LexusLFA1As usual, Autoblog is all over the Lexus LFA announcement, with the official press release, some analysis, photos, and video--all confirming that we now live in a world in which Lexus sells a $375K supercar. These photos and more can be found in the Autoblog image gallery.

The exhaust note certainly sounds great, and the performance specifications (552 horsepower, 3.7-second 0-60 time, 202-mph top speed) are nice, but I still don't really understand this car.

Lexus says the LFA will cost $375K. It's easy to gloss over big numbers when reading them in print, so I'm going to do the pretentious author thing and spell it out--three-hundred-and-seventy-five-thousand dollars.

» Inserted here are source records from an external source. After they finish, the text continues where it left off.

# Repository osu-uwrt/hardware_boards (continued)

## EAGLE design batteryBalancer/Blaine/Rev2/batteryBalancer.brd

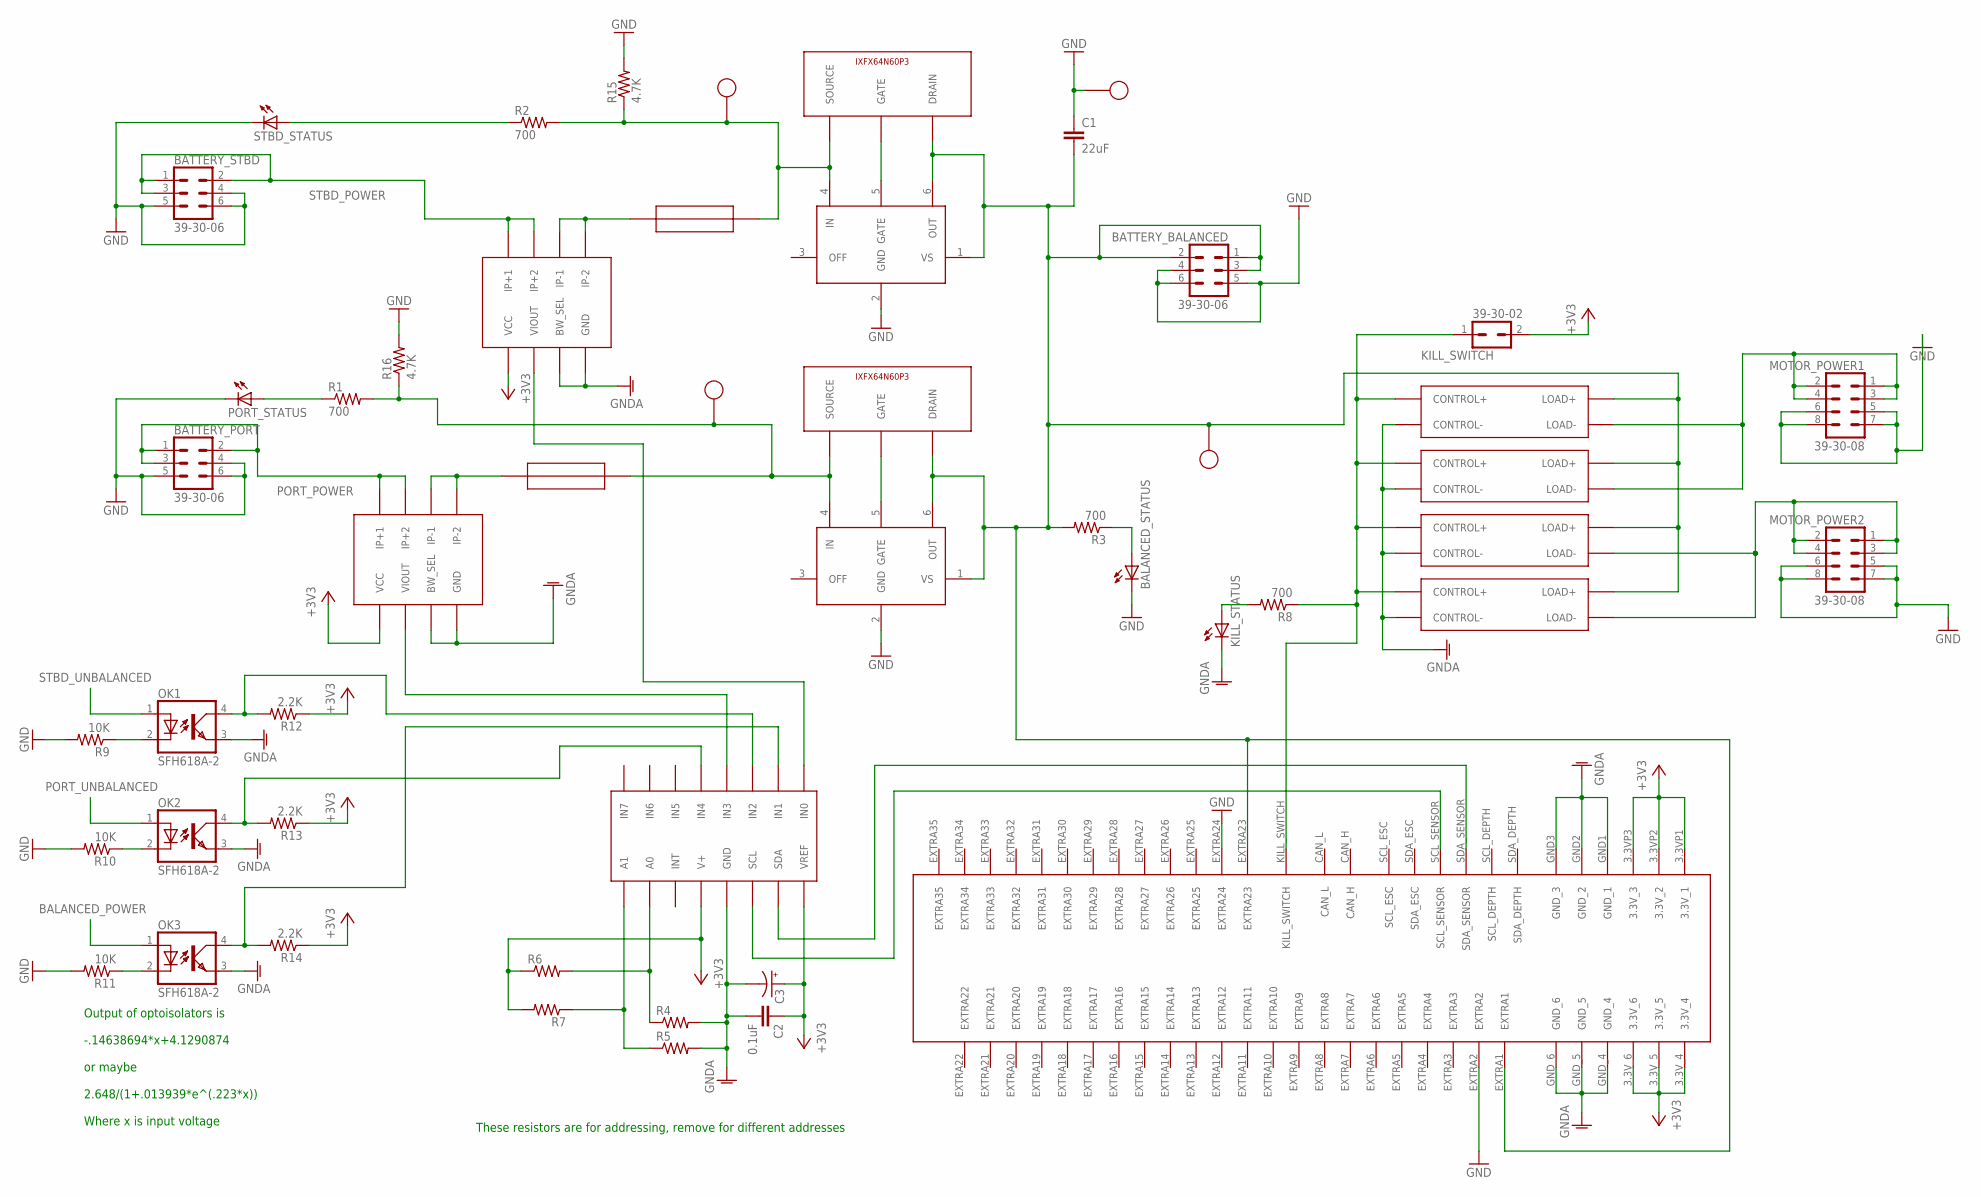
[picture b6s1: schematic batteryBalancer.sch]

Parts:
ADC: ADC128D818; TSSOP-16
BALANCED_STATUS: LTST-S270GKT
BATTERY_BALANCED: 39-30-06; 39-30-?06?
BATTERY_PORT: 39-30-06; 39-30-?06?
BATTERY_STBD: 39-30-06; 39-30-?06?
C1: 22uF; CAP-PTH-SMALL-KIT
C2: 0.1uF; CAP-PTH-SMALL-KIT
C3: CPOL-USE2-4; E2-4
EDGE_CONNECTOR: 5530843; 5530843-6-BOARDFINGERS
KILL_STATUS: LTST-S270GKT
KILL_SWITCH: 39-30-02; 39-30-?02?
MOTOR_POWER1, MOTOR_POWER2: 39-30-08; 39-30-?08?
OK1, OK2, OK3: SFH618A-2; DIP4
PORT_CS: ACS722; SOIC-8
PORT_FC: LM5050-1; SOT23-6
PORT_FET: IXFX64N60P3
PORT_FUSE: 01220083Z
PORT_STATUS: LTST-S270GKT
R1, R2, R3, R8: 700; 0207/7
R4, R5, R6, R7: R-US_0204/5; 0204/5
R9, R10, R11: 10K; 0207/7
R12, R13, R14: 2.2K; 0207/7
R15, R16: 4.7K; 0207/7
RELAY2, RELAY3, RELAY4: CMX60D20
RLAY1: CMX60D20
STBD_CS: ACS722; SOIC-8
STBD_FC: LM5050-1; SOT23-6
STBD_FET: IXFX64N60P3
STBD_FUSE: 01220083Z
STBD_STATUS: LTST-S270GKT
U$1, U$2, U$3, U$4: 5010_C

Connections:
3.3V: ADC.V+, ADC.VREF, C2.1, C3.+, EDGE_CONNECTOR.3.3VP1 (3.3V_1), EDGE_CONNECTOR.3.3VP2 (3.3V_2), EDGE_CONNECTOR.3.3VP3 (3.3V_3), EDGE_CONNECTOR.3.3V_4, EDGE_CONNECTOR.3.3V_5, EDGE_CONNECTOR.3.3V_6, KILL_SWITCH.2, PORT_CS.VCC, R6.1, R7.2, R12.1, R13.1, R14.1, STBD_CS.VCC
ADC_A0: ADC.A0, R4.1, R6.2
ADC_A1: ADC.A1, R5.1, R7.1
BALANCED_INDICATOR: BALANCED_STATUS.ANODE (A), R3.1
BALANCED_LOGIC: ADC.IN1, OK3.4 (COL), R14.2
BALANCED_OPTO_NEG: OK3.2 (C), R11.1
BALANCED_POWER: BATTERY_BALANCED.1, BATTERY_BALANCED.2, BATTERY_BALANCED.3, C1.2, EDGE_CONNECTOR.EXTRA1, EDGE_CONNECTOR.EXTRA23, OK3.1 (A), PORT_FC.1 (VS), PORT_FC.6 (OUT), PORT_FET.DRAIN, R3.2, RELAY2.LOAD+, RELAY3.LOAD+, RELAY4.LOAD+, RLAY1.LOAD+, STBD_FC.1 (VS), STBD_FC.6 (OUT), STBD_FET.DRAIN, U$3.P$1
GND: BALANCED_STATUS.CATHODE (C), BATTERY_BALANCED.4, BATTERY_BALANCED.5, BATTERY_BALANCED.6, BATTERY_PORT.4, BATTERY_PORT.5, BATTERY_PORT.6, BATTERY_STBD.4, BATTERY_STBD.5, BATTERY_STBD.6, C1.1, EDGE_CONNECTOR.EXTRA2, EDGE_CONNECTOR.EXTRA24, MOTOR_POWER1.5, MOTOR_POWER1.6, MOTOR_POWER1.7, MOTOR_POWER1.8, MOTOR_POWER2.5, MOTOR_POWER2.6, MOTOR_POWER2.7, MOTOR_POWER2.8, PORT_FC.2 (GND), PORT_STATUS.CATHODE (C), R9.2, R10.2, R11.2, R15.2, R16.2, STBD_FC.2 (GND), STBD_STATUS.CATHODE (C), U$4.P$1
KILL_SWITCH: EDGE_CONNECTOR.KILL_SWITCH, KILL_SWITCH.1, R8.1, RELAY2.CONTROL+, RELAY3.CONTROL+, RELAY4.CONTROL+, RLAY1.CONTROL+
LOGIC_GND: ADC.GND, C2.2, C3.-, EDGE_CONNECTOR.GND1 (GND_1), EDGE_CONNECTOR.GND2 (GND_2), EDGE_CONNECTOR.GND3 (GND_3), EDGE_CONNECTOR.GND_4, EDGE_CONNECTOR.GND_5, EDGE_CONNECTOR.GND_6, KILL_STATUS.CATHODE (C), OK1.3 (EMIT), OK2.3 (EMIT), OK3.3 (EMIT), PORT_CS.BW_SEL, PORT_CS.GND, R4.2, R5.2, RELAY2.CONTROL-, RELAY3.CONTROL-, RELAY4.CONTROL-, RLAY1.CONTROL-, STBD_CS.BW_SEL, STBD_CS.GND
MOTOR_POWER1: MOTOR_POWER1.1, MOTOR_POWER1.2, MOTOR_POWER1.3, MOTOR_POWER1.4, RELAY2.LOAD-, RLAY1.LOAD-
MOTOR_POWER2: MOTOR_POWER2.1, MOTOR_POWER2.2, MOTOR_POWER2.3, MOTOR_POWER2.4, RELAY3.LOAD-, RELAY4.LOAD-
unnamed: KILL_STATUS.ANODE (A), R8.2
PORT_CURRENT: ADC.IN3, PORT_CS.VIOUT
PORT_GATE: PORT_FC.5 (GATE), PORT_FET.GATE
PORT_LOGIC: ADC.IN4, OK2.4 (COL), R13.2
PORT_OPTO_NEG: OK2.2 (C), R10.1
PORT_POWER: BATTERY_PORT.1, BATTERY_PORT.2, BATTERY_PORT.3, PORT_CS.IP+1, PORT_CS.IP+2
PORT_STATUS: PORT_STATUS.ANODE (A), R1.1
PORT_UNBALANCED: OK2.1 (A), PORT_FC.4 (IN), PORT_FET.SOURCE, PORT_FUSE.P$3, PORT_FUSE.P$4, R1.2, R16.1, U$2.P$1
PORT_UNFUSED: PORT_CS.IP-1, PORT_CS.IP-2, PORT_FUSE.P$1, PORT_FUSE.P$2
SCL: ADC.SCL, EDGE_CONNECTOR.SCL_SENSOR
SDA: ADC.SDA, EDGE_CONNECTOR.SDA_SENSOR
STBD_CURRENT: ADC.IN0, STBD_CS.VIOUT
STBD_GATE: STBD_FC.5 (GATE), STBD_FET.GATE
STBD_LOGIC: ADC.IN2, OK1.4 (COL), R12.2
STBD_OPTO_NEG: OK1.2 (C), R9.1
STBD_POWER: BATTERY_STBD.1, BATTERY_STBD.2, BATTERY_STBD.3, STBD_CS.IP+1, STBD_CS.IP+2
STBD_STATUS: R2.1, STBD_STATUS.ANODE (A)
STBD_UNBALANCED: OK1.1 (A), R2.2, R15.1, STBD_FC.4 (IN), STBD_FET.SOURCE, STBD_FUSE.P$3, STBD_FUSE.P$4, U$1.P$1
STBD_UNFUSED: STBD_CS.IP-1, STBD_CS.IP-2, STBD_FUSE.P$1, STBD_FUSE.P$2

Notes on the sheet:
These resistors are for addressing, remove for different addresses
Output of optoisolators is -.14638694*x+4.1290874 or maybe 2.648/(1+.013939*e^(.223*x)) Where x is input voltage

That is a lot of money--more than many Americans can afford to spend on a house, even with the payments spread out over 30 years. That amount of money is what you'd pay for an ultra-mega-supercar from Ferrari or Lamborghini, which both have the cachet, styling, and image to attract customers in this price stratum. More specifically, it's roughly four times as expensive as a Nissan GT-R, which is an astounding performer in its own right.

I don't really see how this makes much sense as an extension to the Lexus line. Top-of-the-line Ferraris and Lamborghinis make sense even in limited volumes; these range-toppers add cachet and attract buyers for the less-expensive, higher-volume sports cars. A customer who dreams about a $350K Lamborghini Murcielago would be able to step down to a $198K Lamborghini Gallardo or even its corporate cousin, the $115K Audi R8. Those of us with less robust resources could satisfy our performance cravings with other corporate stablemates--an Audi RS4, an Audi TT, a Volkswagen GTI to satisfy our performance cravings. Likewise, Ferrari offers a range of exotic sports cars, underpinned with Maserati sports-luxury cars and inexpensive but fun Alfa Romeos and Fiats. The upgrade lines are cohesive; the customer path makes sense.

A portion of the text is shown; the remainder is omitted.